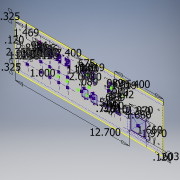
# Autodesk Inventor part: PDU_chassis
Saved by Autodesk Inventor 2017 (Build 210142000, 142)
## iProperties
Created: 2017-02-13
Part Number: PDU_chassis
Material: Generic
Document SubType Name: Modeling
Designer: Zara
Density: 1 g/cm^3
Appearance: Default
Author: Zara
Autodesk Inventor part; units mm, degrees
ref_plane "YZ Plane" through (0, 0, 0) normal (1, 0, 0) x (0, 1, 0)
ref_plane "XZ Plane" through (0, 0, 0) normal (0, 1, 0) x (-1, 0, 0)
ref_plane "XY Plane" through (0, 0, 0) normal (0, 0, 1) x (1, 0, 0)
sketch "Sketch1" plane through (0, 0, 0) normal (0, 0, 1) x (1, 0, 0)
  line L0 (-209.423, -66.294) -> (209.423, -66.294)
  line L1 (209.423, -66.294) -> (209.423, 66.294)
  line L2 (209.423, 66.294) -> (-209.423, 66.294)
  line L3 (-209.423, 66.294) -> (-209.423, -66.294)
  line L4 (-209.423, -66.294) -> (209.423, 66.294) construction
  line L5 (209.423, -66.294) -> (-209.423, 66.294) construction
  point P0 (0, 0)
  dimension "d0" = 418.846
  dimension "d1" = 132.588
  constraints: 12 end point, 2 midpoint, 2 parallel, 1 horizontal, 1 perpendicular
  measures "d0" distance of L1.end L2.end
  measures "d1" distance of L0.end L1.end
extrude "pdu" add sketch "Sketch1" along normal blind 1.651
sketch "dsub9 sketch" plane through (0, 0, 1.651) normal (0, 0, 1) x (1, 0, 0)
  line L0 (206.375, 58.039) -> (-206.375, 58.039) construction
  line L1 (-206.375, 58.039) -> (-206.375, -58.039) construction
  line L2 (-206.375, -58.039) -> (206.375, -58.039) construction
  line L3 (206.375, -58.039) -> (206.375, 58.039) construction
  line L4 (209.423, 66.294) -> (-209.423, 66.294) construction
  line L5 (-209.423, -66.294) -> (209.423, -66.294) construction
  line L6 (-209.423, 66.294) -> (-209.423, -66.294) construction
  line L7 (209.423, -66.294) -> (209.423, 66.294) construction
  arc A0 (-131.445, 36.9951) -> (-133.3231, 38.571) centre (-133.0452, 36.9951) ccw
  arc A1 (-133.3231, 19.3918) -> (-131.445, 20.9677) centre (-133.0452, 20.9677) ccw
  arc A2 (-142.621, 22.374) -> (-141.2987, 20.7981) centre (-141.0208, 22.374) ccw
  arc A3 (-141.2987, 37.1647) -> (-142.621, 35.5888) centre (-141.0208, 35.5888) ccw
  line L8 (-131.445, 36.9951) -> (-131.445, 20.9677)
  line L9 (-142.621, 35.5888) -> (-142.621, 22.374)
  line L10 (-141.2987, 37.1647) -> (-133.3231, 38.571)
  line L11 (-133.3231, 19.3918) -> (-141.2987, 20.7981)
  line L12 (-131.445, 28.9814) -> (-142.621, 28.9814) construction
  line L13 (-137.033, 41.4814) -> (-137.033, 16.4814) construction
  arc A4 (-117.221, 22.374) -> (-115.8987, 20.7981) centre (-115.6208, 22.374) ccw
  arc A5 (-107.9231, 19.3918) -> (-106.045, 20.9677) centre (-107.6452, 20.9677) ccw
  line L14 (-106.045, 28.9814) -> (-117.221, 28.9814) construction
  arc A6 (-115.8987, 37.1647) -> (-117.221, 35.5888) centre (-115.6208, 35.5888) ccw
  line L15 (-115.8987, 37.1647) -> (-107.9231, 38.571)
  line L16 (-106.045, 36.9951) -> (-106.045, 20.9677)
  arc A7 (-106.045, 36.9951) -> (-107.9231, 38.571) centre (-107.6452, 36.9951) ccw
  line L17 (-111.633, 41.4814) -> (-111.633, 16.4814) construction
  line L18 (-107.9231, 19.3918) -> (-115.8987, 20.7981)
  line L19 (-117.221, 35.5888) -> (-117.221, 22.374)
  arc A8 (-91.821, 22.374) -> (-90.4987, 20.7981) centre (-90.2208, 22.374) ccw
  arc A9 (-82.5231, 19.3918) -> (-80.645, 20.9677) centre (-82.2452, 20.9677) ccw
  line L20 (-80.645, 28.9814) -> (-91.821, 28.9814) construction
  arc A10 (-90.4987, 37.1647) -> (-91.821, 35.5888) centre (-90.2208, 35.5888) ccw
  line L21 (-90.4987, 37.1647) -> (-82.5231, 38.571)
  line L22 (-80.645, 36.9951) -> (-80.645, 20.9677)
  arc A11 (-80.645, 36.9951) -> (-82.5231, 38.571) centre (-82.2452, 36.9951) ccw
  line L23 (-86.233, 41.4814) -> (-86.233, 16.4814) construction
  line L24 (-82.5231, 19.3918) -> (-90.4987, 20.7981)
  line L25 (-91.821, 35.5888) -> (-91.821, 22.374)
  arc A12 (-66.421, 22.374) -> (-65.0987, 20.7981) centre (-64.8208, 22.374) ccw
  arc A13 (-57.1231, 19.3918) -> (-55.245, 20.9677) centre (-56.8452, 20.9677) ccw
  line L26 (-55.245, 28.9814) -> (-66.421, 28.9814) construction
  arc A14 (-65.0987, 37.1647) -> (-66.421, 35.5888) centre (-64.8208, 35.5888) ccw
  line L27 (-65.0987, 37.1647) -> (-57.1231, 38.571)
  line L28 (-55.245, 36.9951) -> (-55.245, 20.9677)
  arc A15 (-55.245, 36.9951) -> (-57.1231, 38.571) centre (-56.8452, 36.9951) ccw
  line L29 (-60.833, 41.4814) -> (-60.833, 16.4814) construction
  line L30 (-57.1231, 19.3918) -> (-65.0987, 20.7981)
  line L31 (-66.421, 35.5888) -> (-66.421, 22.374)
  line L32 (-131.445, 32.3846) -> (-131.445, 46.6583) construction
  line L33 (-131.445, 25.0932) -> (-131.445, 19.1695) construction
  line L34 (-135.9942, 38.1) -> (-131.189, 38.9473) construction
  line L35 (-133.9716, 19.5062) -> (-131.2614, 19.0283) construction
  line L36 (-131.445, 24.4508) -> (-131.445, 17.8692) construction
  point P0 (0, 0)
  point P1 (-137.033, 28.9814)
  point P2 (-111.633, 28.9814)
  point P3 (-86.233, 28.9814)
  point P4 (-60.833, 28.9814)
  point P5 (-131.445, 19.0607)
  point P6 (-131.445, 38.9021)
  dimension "d24" = 38.1
  dimension "d13" = 8.255
  dimension "d14" = 8.255
  dimension "d15" = 3.048
  dimension "d16" = 3.048
  dimension "d381" = 3.2004
  dimension "d386" = 3.2004
  dimension "d391" = 3.2004
  dimension "d396" = 3.2004
  dimension "d397" = 16.0274
  dimension "d399" = 11.176
  dimension "d401" = 25
  dimension "d402" = 37.3126
  dimension "d403" = 72.39
  dimension "d406" = 25.4
  dimension "d420" = 100
  dimension "d425" = 19.8415
  constraints: 66 end point, 32 point on circle, 16 centre point, 10 point on line, 8 coincident, 8 tangent, 5 vertical, 4 midpoint, 3 horizontal, 2 parallel, 2 perpendicular, 1 collinear, 86 other
  measures "d13" distance between parallel lines of L4 L0
  measures "d14" distance between parallel lines of L5 L2
  measures "d15" distance between parallel lines of L6 L1
  measures "d16" distance between parallel lines of L7 L3
  measures "d381" diameter of A0
  measures "d386" diameter of A1
  measures "d391" diameter of A2
  measures "d396" diameter of A3
  measures "d397" distance of A1.centre A0.centre
  measures "d399" distance between parallel lines of L9 L8
  measures "d401" distance of L13.start L13.end
  measures "d402" distance between parallel lines of L4 L12
  measures "d403" distance between parallel lines of L13 L6
  measures "d406" distance of A2.centre A4.centre
  measures "d420" angle of L11 L8
  measures "d425" distance of point (-131.445, 38.902) point (-131.445, 19.061)
sketch "CAT7 sketch" plane through (0, 0, 1.651) normal (0, 0, 1) x (1, 0, 0)
  line L0 (-21.463, 40.4114) -> (-4.318, 40.4114)
  line L1 (-4.318, 40.4114) -> (-4.318, 17.5514)
  line L2 (-4.318, 17.5514) -> (-21.463, 17.5514)
  line L3 (-21.463, 17.5514) -> (-21.463, 40.4114)
  line L4 (-29.3489, 28.9814) -> (14.0188, 28.9814) construction
  circle A0 centre (-12.8905, 43.4848) radius 1.1303
  circle A1 centre (-12.8905, 14.478) radius 1.1303
  line L5 (-12.8905, 43.4848) -> (-12.8905, 14.478) construction
  line L6 (-209.423, -66.294) -> (209.423, -66.294) construction
  line L7 (-209.423, 66.294) -> (-209.423, -66.294) construction
  line L8 (32.9446, 29.4386) -> (89.0123, 29.4386) construction
  line L9 (55.7784, 40.4114) -> (71.6026, 40.4114)
  line L10 (72.263, 39.751) -> (72.263, 18.2118)
  line L11 (71.6026, 17.5514) -> (55.7784, 17.5514)
  line L12 (55.118, 18.2118) -> (55.118, 39.751)
  circle A2 centre (63.6905, 43.942) radius 1.1303
  circle A3 centre (63.6905, 14.9352) radius 1.1303
  line L13 (63.6905, 43.942) -> (63.6905, 14.9352) construction
  line L14 (209.423, 66.294) -> (-209.423, 66.294) projected
  line L15 (-209.423, -66.294) -> (209.423, -66.294) projected
  line L16 (209.423, -66.294) -> (209.423, 66.294) projected
  line L17 (209.423, 66.294) -> (-209.423, 66.294) projected
  line L18 (-209.423, 66.294) -> (-209.423, -66.294) projected
  line L19 (3.937, 40.4114) -> (21.082, 40.4114)
  line L20 (21.082, 40.4114) -> (21.082, 17.5514)
  line L21 (21.082, 17.5514) -> (3.937, 17.5514)
  line L22 (3.937, 17.5514) -> (3.937, 40.4114)
  line L23 (12.5095, 43.4848) -> (12.5095, 14.478) construction
  circle A4 centre (12.5095, 43.4848) radius 1.1303
  circle A5 centre (12.5095, 14.478) radius 1.1303
  line L24 (-21.463, -10.3886) -> (-4.318, -10.3886)
  line L25 (-4.318, -10.3886) -> (-4.318, -33.2486)
  line L26 (-4.318, -33.2486) -> (-21.463, -33.2486)
  line L27 (-21.463, -33.2486) -> (-21.463, -10.3886)
  line L28 (-12.8905, -7.3152) -> (-12.8905, -36.322) construction
  circle A6 centre (-12.8905, -7.3152) radius 1.1303
  circle A7 centre (-12.8905, -36.322) radius 1.1303
  line L29 (3.937, -10.3886) -> (21.082, -10.3886)
  line L30 (21.082, -10.3886) -> (21.082, -33.2486)
  line L31 (21.082, -33.2486) -> (3.937, -33.2486)
  line L32 (3.937, -33.2486) -> (3.937, -10.3886)
  line L33 (12.5095, -7.3152) -> (12.5095, -36.322) construction
  circle A8 centre (12.5095, -7.3152) radius 1.1303
  circle A9 centre (12.5095, -36.322) radius 1.1303
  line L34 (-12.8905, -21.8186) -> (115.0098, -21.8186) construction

◇ ◇ ◇ ◇ ◇

▶ _Task statement_
Beginning at the line above that contains "Appearance: Default", return each line exactly through the line that contains "line L4 (-209.423, -66.294)", and no others.

▶ _Problem solution_
Appearance: Default
Author: Zara
Autodesk Inventor part; units mm, degrees
ref_plane "YZ Plane" through (0, 0, 0) normal (1, 0, 0) x (0, 1, 0)
ref_plane "XZ Plane" through (0, 0, 0) normal (0, 1, 0) x (-1, 0, 0)
ref_plane "XY Plane" through (0, 0, 0) normal (0, 0, 1) x (1, 0, 0)
sketch "Sketch1" plane through (0, 0, 0) normal (0, 0, 1) x (1, 0, 0)
  line L0 (-209.423, -66.294) -> (209.423, -66.294)
  line L1 (209.423, -66.294) -> (209.423, 66.294)
  line L2 (209.423, 66.294) -> (-209.423, 66.294)
  line L3 (-209.423, 66.294) -> (-209.423, -66.294)
  line L4 (-209.423, -66.294) -> (209.423, 66.294) construction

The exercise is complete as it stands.